Begijntje de Man kon daarbij reeds een geestelijk ‘Imprimatur’ voorleggen, dat beslist gunstig luidde:
Naer eene neerstighe doorlesinghe ghedaen doen (sic!) van den Boeck der Gheestelycke Sanghen, ghenaemt den Blyden Requiem ende het Clooster ken dergheestelycke verrysenisse, ghemaect van een en devoten Religieus Capucin, ende bevonden proffytich voor gheestelycke ende weerlycke persoonen, mach ghedruct worden, volghende den oorlof van den seer Eer. Pater Joannes Maria à Noto, Generael van d'Ordre der Minderbroederen Capucinen; T'Welck Ick, onderscreven Provinciael van de Provincie van Vlaenderen van de selve Ordre, ghetuijghe. - Actum tot Brussel, den 22. Augusti 1630. - F. Juvenalis (?), Mine. Provlis.
Bezwaar tegen de uitgaaf bestond dus niet: het octrooi werd verleend, zij 't ook voor slechts 8 jaren. Wantin den rand van begijntjessmeekschrift kwam de aanteekening:
Veue l'approbation du Censeur, fiat Privilege requis pour huict ans. fait a Bruxelles, le 9. Décembre 1630.
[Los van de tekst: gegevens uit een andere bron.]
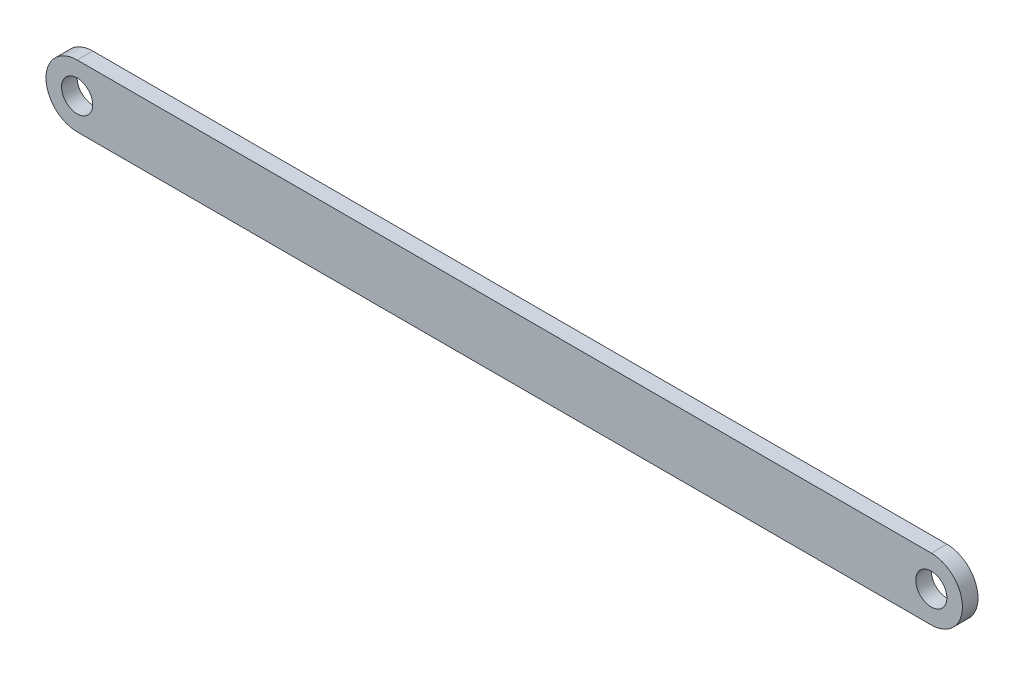
ISO-10303-21;
HEADER;
FILE_DESCRIPTION(('STEP AP214'),'2;1');
FILE_NAME('part.step','',(''),(''),'','','');
FILE_SCHEMA(('AUTOMOTIVE_DESIGN { 1 0 10303 214 1 1 1 1 }'));
ENDSEC;
DATA;
#1=APPLICATION_CONTEXT('core data for automotive mechanical design processes');
#2=APPLICATION_PROTOCOL_DEFINITION('international standard','automotive_design',2000,#1);
#3=PRODUCT_CONTEXT('',#1,'mechanical');
#4=PRODUCT('Part','Part','',(#3));
#5=PRODUCT_RELATED_PRODUCT_CATEGORY('part','',(#4));
#6=PRODUCT_DEFINITION_FORMATION('','',#4);
#7=PRODUCT_DEFINITION_CONTEXT('part definition',#1,'design');
#8=PRODUCT_DEFINITION('design','',#6,#7);
#9=PRODUCT_DEFINITION_SHAPE('','',#8);
#10=(LENGTH_UNIT() NAMED_UNIT(*) SI_UNIT(.MILLI.,.METRE.));
#11=(NAMED_UNIT(*) PLANE_ANGLE_UNIT() SI_UNIT($,.RADIAN.));
#12=(NAMED_UNIT(*) SI_UNIT($,.STERADIAN.) SOLID_ANGLE_UNIT());
#13=UNCERTAINTY_MEASURE_WITH_UNIT(LENGTH_MEASURE(1.E-05),#10,'distance_accuracy_value','');
#14=(GEOMETRIC_REPRESENTATION_CONTEXT(3) GLOBAL_UNCERTAINTY_ASSIGNED_CONTEXT((#13)) GLOBAL_UNIT_ASSIGNED_CONTEXT((#10,
#11,#12)) REPRESENTATION_CONTEXT('',''));
#15=CARTESIAN_POINT('',(0.,0.,0.));
#16=DIRECTION('',(0.,0.,1.));
#17=DIRECTION('',(1.,0.,0.));
#18=AXIS2_PLACEMENT_3D('',#15,#16,#17);
#19=CARTESIAN_POINT('',(27.435,0.,1.));
#20=DIRECTION('',(0.,0.,-1.));
#21=DIRECTION('',(-1.,0.,0.));
#22=AXIS2_PLACEMENT_3D('',#19,#20,#21);
#23=PLANE('',#22);
#24=CARTESIAN_POINT('',(27.435,0.,1.));
#25=DIRECTION('',(0.,0.,1.));
#26=DIRECTION('',(-1.,0.,0.));
#27=AXIS2_PLACEMENT_3D('',#24,#25,#26);
#28=CIRCLE('',#27,2.);
#29=CARTESIAN_POINT('',(27.435,-2.,1.));
#30=VERTEX_POINT('',#29);
#31=CARTESIAN_POINT('',(27.435,2.,1.));
#32=VERTEX_POINT('',#31);
#33=EDGE_CURVE('E94',#30,#32,#28,.T.);
#34=ORIENTED_EDGE('',*,*,#33,.T.);
#35=DIRECTION('',(-1.,0.,0.));
#36=VECTOR('',#35,1.);
#37=CARTESIAN_POINT('',(-27.435,2.,1.));
#38=LINE('',#37,#36);
#39=CARTESIAN_POINT('',(-27.435,2.,1.));
#40=VERTEX_POINT('',#39);
#41=EDGE_CURVE('E89',#32,#40,#38,.T.);
#42=ORIENTED_EDGE('',*,*,#41,.T.);
#43=CARTESIAN_POINT('',(-27.435,0.,1.));
#44=DIRECTION('',(0.,0.,1.));
#45=DIRECTION('',(1.,0.,0.));
#46=AXIS2_PLACEMENT_3D('',#43,#44,#45);
#47=CIRCLE('',#46,2.);
#48=CARTESIAN_POINT('',(-27.435,-2.,1.));
#49=VERTEX_POINT('',#48);
#50=EDGE_CURVE('E92',#40,#49,#47,.T.);
#51=ORIENTED_EDGE('',*,*,#50,.T.);
#52=DIRECTION('',(1.,0.,0.));
#53=VECTOR('',#52,1.);
#54=CARTESIAN_POINT('',(-27.435,-2.,1.));
#55=LINE('',#54,#53);
#56=EDGE_CURVE('E59',#49,#30,#55,.T.);
#57=ORIENTED_EDGE('',*,*,#56,.T.);
#58=EDGE_LOOP('',(#34,#42,#51,#57));
#59=FACE_BOUND('',#58,.T.);
#60=CARTESIAN_POINT('',(-27.435,0.,1.));
#61=DIRECTION('',(0.,0.,1.));
#62=DIRECTION('',(1.,0.,0.));
#63=AXIS2_PLACEMENT_3D('',#60,#61,#62);
#64=CIRCLE('',#63,1.);
#65=CARTESIAN_POINT('',(-26.435,0.,1.));
#66=VERTEX_POINT('',#65);
#67=EDGE_CURVE('E109',#66,#66,#64,.T.);
#68=ORIENTED_EDGE('',*,*,#67,.F.);
#69=EDGE_LOOP('',(#68));
#70=FACE_BOUND('',#69,.T.);
#71=CARTESIAN_POINT('',(27.435,0.,1.));
#72=DIRECTION('',(0.,0.,1.));
#73=DIRECTION('',(1.,0.,0.));
#74=AXIS2_PLACEMENT_3D('',#71,#72,#73);
#75=CIRCLE('',#74,1.);
#76=CARTESIAN_POINT('',(28.435,0.,1.));
#77=VERTEX_POINT('',#76);
#78=EDGE_CURVE('E124',#77,#77,#75,.T.);
#79=ORIENTED_EDGE('',*,*,#78,.F.);
#80=EDGE_LOOP('',(#79));
#81=FACE_BOUND('',#80,.T.);
#82=ADVANCED_FACE('F42',(#59,#70,#81),#23,.F.);
#83=CARTESIAN_POINT('',(27.435,0.,0.));
#84=DIRECTION('',(0.,0.,-1.));
#85=DIRECTION('',(-1.,0.,0.));
#86=AXIS2_PLACEMENT_3D('',#83,#84,#85);
#87=PLANE('',#86);
#88=CARTESIAN_POINT('',(-27.435,0.,0.));
#89=DIRECTION('',(0.,0.,1.));
#90=DIRECTION('',(1.,0.,0.));
#91=AXIS2_PLACEMENT_3D('',#88,#89,#90);
#92=CIRCLE('',#91,1.);
#93=CARTESIAN_POINT('',(-26.435,0.,0.));
#94=VERTEX_POINT('',#93);
#95=EDGE_CURVE('E121',#94,#94,#92,.T.);
#96=ORIENTED_EDGE('',*,*,#95,.T.);
#97=EDGE_LOOP('',(#96));
#98=FACE_BOUND('',#97,.T.);
#99=CARTESIAN_POINT('',(27.435,0.,0.));
#100=DIRECTION('',(0.,0.,1.));
#101=DIRECTION('',(-1.,0.,0.));
#102=AXIS2_PLACEMENT_3D('',#99,#100,#101);
#103=CIRCLE('',#102,2.);
#104=CARTESIAN_POINT('',(27.435,-2.,0.));
#105=VERTEX_POINT('',#104);
#106=CARTESIAN_POINT('',(27.435,2.,0.));
#107=VERTEX_POINT('',#106);
#108=EDGE_CURVE('E106',#105,#107,#103,.T.);
#109=ORIENTED_EDGE('',*,*,#108,.F.);
#110=DIRECTION('',(1.,0.,0.));
#111=VECTOR('',#110,1.);
#112=CARTESIAN_POINT('',(-27.435,-2.,0.));
#113=LINE('',#112,#111);
#114=CARTESIAN_POINT('',(-27.435,-2.,0.));
#115=VERTEX_POINT('',#114);
#116=EDGE_CURVE('E82',#115,#105,#113,.T.);
#117=ORIENTED_EDGE('',*,*,#116,.F.);
#118=CARTESIAN_POINT('',(-27.435,0.,0.));
#119=DIRECTION('',(0.,0.,1.));
#120=DIRECTION('',(1.,0.,0.));
#121=AXIS2_PLACEMENT_3D('',#118,#119,#120);
#122=CIRCLE('',#121,2.);
#123=CARTESIAN_POINT('',(-27.435,2.,0.));
#124=VERTEX_POINT('',#123);
#125=EDGE_CURVE('E76',#124,#115,#122,.T.);
#126=ORIENTED_EDGE('',*,*,#125,.F.);
#127=DIRECTION('',(-1.,0.,0.));
#128=VECTOR('',#127,1.);
#129=CARTESIAN_POINT('',(-27.435,2.,0.));
#130=LINE('',#129,#128);
#131=EDGE_CURVE('E98',#107,#124,#130,.T.);
#132=ORIENTED_EDGE('',*,*,#131,.F.);
#133=EDGE_LOOP('',(#109,#117,#126,#132));
#134=FACE_BOUND('',#133,.T.);
#135=CARTESIAN_POINT('',(27.435,0.,0.));
#136=DIRECTION('',(0.,0.,1.));
#137=DIRECTION('',(1.,0.,0.));
#138=AXIS2_PLACEMENT_3D('',#135,#136,#137);
#139=CIRCLE('',#138,1.);
#140=CARTESIAN_POINT('',(28.435,0.,0.));
#141=VERTEX_POINT('',#140);
#142=EDGE_CURVE('E127',#141,#141,#139,.T.);
#143=ORIENTED_EDGE('',*,*,#142,.T.);
#144=EDGE_LOOP('',(#143));
#145=FACE_BOUND('',#144,.T.);
#146=ADVANCED_FACE('F117',(#98,#134,#145),#87,.T.);
#147=CARTESIAN_POINT('',(27.435,0.,1.));
#148=DIRECTION('',(0.,0.,-1.));
#149=DIRECTION('',(-1.,0.,0.));
#150=AXIS2_PLACEMENT_3D('',#147,#148,#149);
#151=CYLINDRICAL_SURFACE('',#150,2.);
#152=ORIENTED_EDGE('',*,*,#108,.T.);
#153=DIRECTION('',(0.,0.,-1.));
#154=VECTOR('',#153,1.);
#155=CARTESIAN_POINT('',(27.435,2.,1.));
#156=LINE('',#155,#154);
#157=EDGE_CURVE('E11',#32,#107,#156,.T.);
#158=ORIENTED_EDGE('',*,*,#157,.F.);
#159=ORIENTED_EDGE('',*,*,#33,.F.);
#160=DIRECTION('',(0.,0.,-1.));
#161=VECTOR('',#160,1.);
#162=CARTESIAN_POINT('',(27.435,-2.,1.));
#163=LINE('',#162,#161);
#164=EDGE_CURVE('E102',#30,#105,#163,.T.);
#165=ORIENTED_EDGE('',*,*,#164,.T.);
#166=EDGE_LOOP('',(#152,#158,#159,#165));
#167=FACE_BOUND('',#166,.T.);
#168=ADVANCED_FACE('F44',(#167),#151,.T.);
#169=CARTESIAN_POINT('',(-27.435,2.,1.));
#170=DIRECTION('',(0.,-1.,0.));
#171=DIRECTION('',(0.,0.,-1.));
#172=AXIS2_PLACEMENT_3D('',#169,#170,#171);
#173=PLANE('',#172);
#174=ORIENTED_EDGE('',*,*,#131,.T.);
#175=DIRECTION('',(0.,0.,-1.));
#176=VECTOR('',#175,1.);
#177=CARTESIAN_POINT('',(-27.435,2.,1.));
#178=LINE('',#177,#176);
#179=EDGE_CURVE('E51',#40,#124,#178,.T.);
#180=ORIENTED_EDGE('',*,*,#179,.F.);
#181=ORIENTED_EDGE('',*,*,#41,.F.);
#182=ORIENTED_EDGE('',*,*,#157,.T.);
#183=EDGE_LOOP('',(#174,#180,#181,#182));
#184=FACE_BOUND('',#183,.T.);
#185=ADVANCED_FACE('F97',(#184),#173,.F.);
#186=CARTESIAN_POINT('',(-27.435,0.,1.));
#187=DIRECTION('',(0.,0.,-1.));
#188=DIRECTION('',(-1.,0.,0.));
#189=AXIS2_PLACEMENT_3D('',#186,#187,#188);
#190=CYLINDRICAL_SURFACE('',#189,2.);
#191=ORIENTED_EDGE('',*,*,#125,.T.);
#192=DIRECTION('',(0.,0.,-1.));
#193=VECTOR('',#192,1.);
#194=CARTESIAN_POINT('',(-27.435,-2.,1.));
#195=LINE('',#194,#193);
#196=EDGE_CURVE('E99',#49,#115,#195,.T.);
#197=ORIENTED_EDGE('',*,*,#196,.F.);
#198=ORIENTED_EDGE('',*,*,#50,.F.);
#199=ORIENTED_EDGE('',*,*,#179,.T.);
#200=EDGE_LOOP('',(#191,#197,#198,#199));
#201=FACE_BOUND('',#200,.T.);
#202=ADVANCED_FACE('F100',(#201),#190,.T.);
#203=CARTESIAN_POINT('',(-27.435,-2.,1.));
#204=DIRECTION('',(0.,1.,0.));
#205=DIRECTION('',(0.,0.,1.));
#206=AXIS2_PLACEMENT_3D('',#203,#204,#205);
#207=PLANE('',#206);
#208=ORIENTED_EDGE('',*,*,#116,.T.);
#209=ORIENTED_EDGE('',*,*,#164,.F.);
#210=ORIENTED_EDGE('',*,*,#56,.F.);
#211=ORIENTED_EDGE('',*,*,#196,.T.);
#212=EDGE_LOOP('',(#208,#209,#210,#211));
#213=FACE_BOUND('',#212,.T.);
#214=ADVANCED_FACE('F114',(#213),#207,.F.);
#215=CARTESIAN_POINT('',(-27.435,0.,1.));
#216=DIRECTION('',(0.,0.,-1.));
#217=DIRECTION('',(-1.,0.,0.));
#218=AXIS2_PLACEMENT_3D('',#215,#216,#217);
#219=CYLINDRICAL_SURFACE('',#218,1.);
#220=ORIENTED_EDGE('',*,*,#67,.T.);
#221=EDGE_LOOP('',(#220));
#222=FACE_BOUND('',#221,.T.);
#223=ORIENTED_EDGE('',*,*,#95,.F.);
#224=EDGE_LOOP('',(#223));
#225=FACE_BOUND('',#224,.T.);
#226=ADVANCED_FACE('F144',(#222,#225),#219,.F.);
#227=CARTESIAN_POINT('',(27.435,0.,1.));
#228=DIRECTION('',(0.,0.,-1.));
#229=DIRECTION('',(-1.,0.,0.));
#230=AXIS2_PLACEMENT_3D('',#227,#228,#229);
#231=CYLINDRICAL_SURFACE('',#230,1.);
#232=ORIENTED_EDGE('',*,*,#78,.T.);
#233=EDGE_LOOP('',(#232));
#234=FACE_BOUND('',#233,.T.);
#235=ORIENTED_EDGE('',*,*,#142,.F.);
#236=EDGE_LOOP('',(#235));
#237=FACE_BOUND('',#236,.T.);
#238=ADVANCED_FACE('F133',(#234,#237),#231,.F.);
#239=CLOSED_SHELL('',(#82,#146,#168,#185,#202,#214,#226,#238));
#240=MANIFOLD_SOLID_BREP('B2',#239);
#241=ADVANCED_BREP_SHAPE_REPRESENTATION('',(#18,#240),#14);
#242=SHAPE_DEFINITION_REPRESENTATION(#9,#241);
ENDSEC;
END-ISO-10303-21;

Het boek kon verschijnen. Is het verschenen? Wanneer en bij wien? Trouwens wie was de schrijver? Men kan aanvoelen dat hij het anonymaat streng te bewaren wenschte, anders toch had op zijn minst de provinciaal zijn naam vermeld. Nu weten wij alleen, dat hij een devoot kapucijn was en ook dat hij in de Vlaanderen thuishoorde, vermits het de provinciaal zijner orde voor deze streek was die het werk censureerde.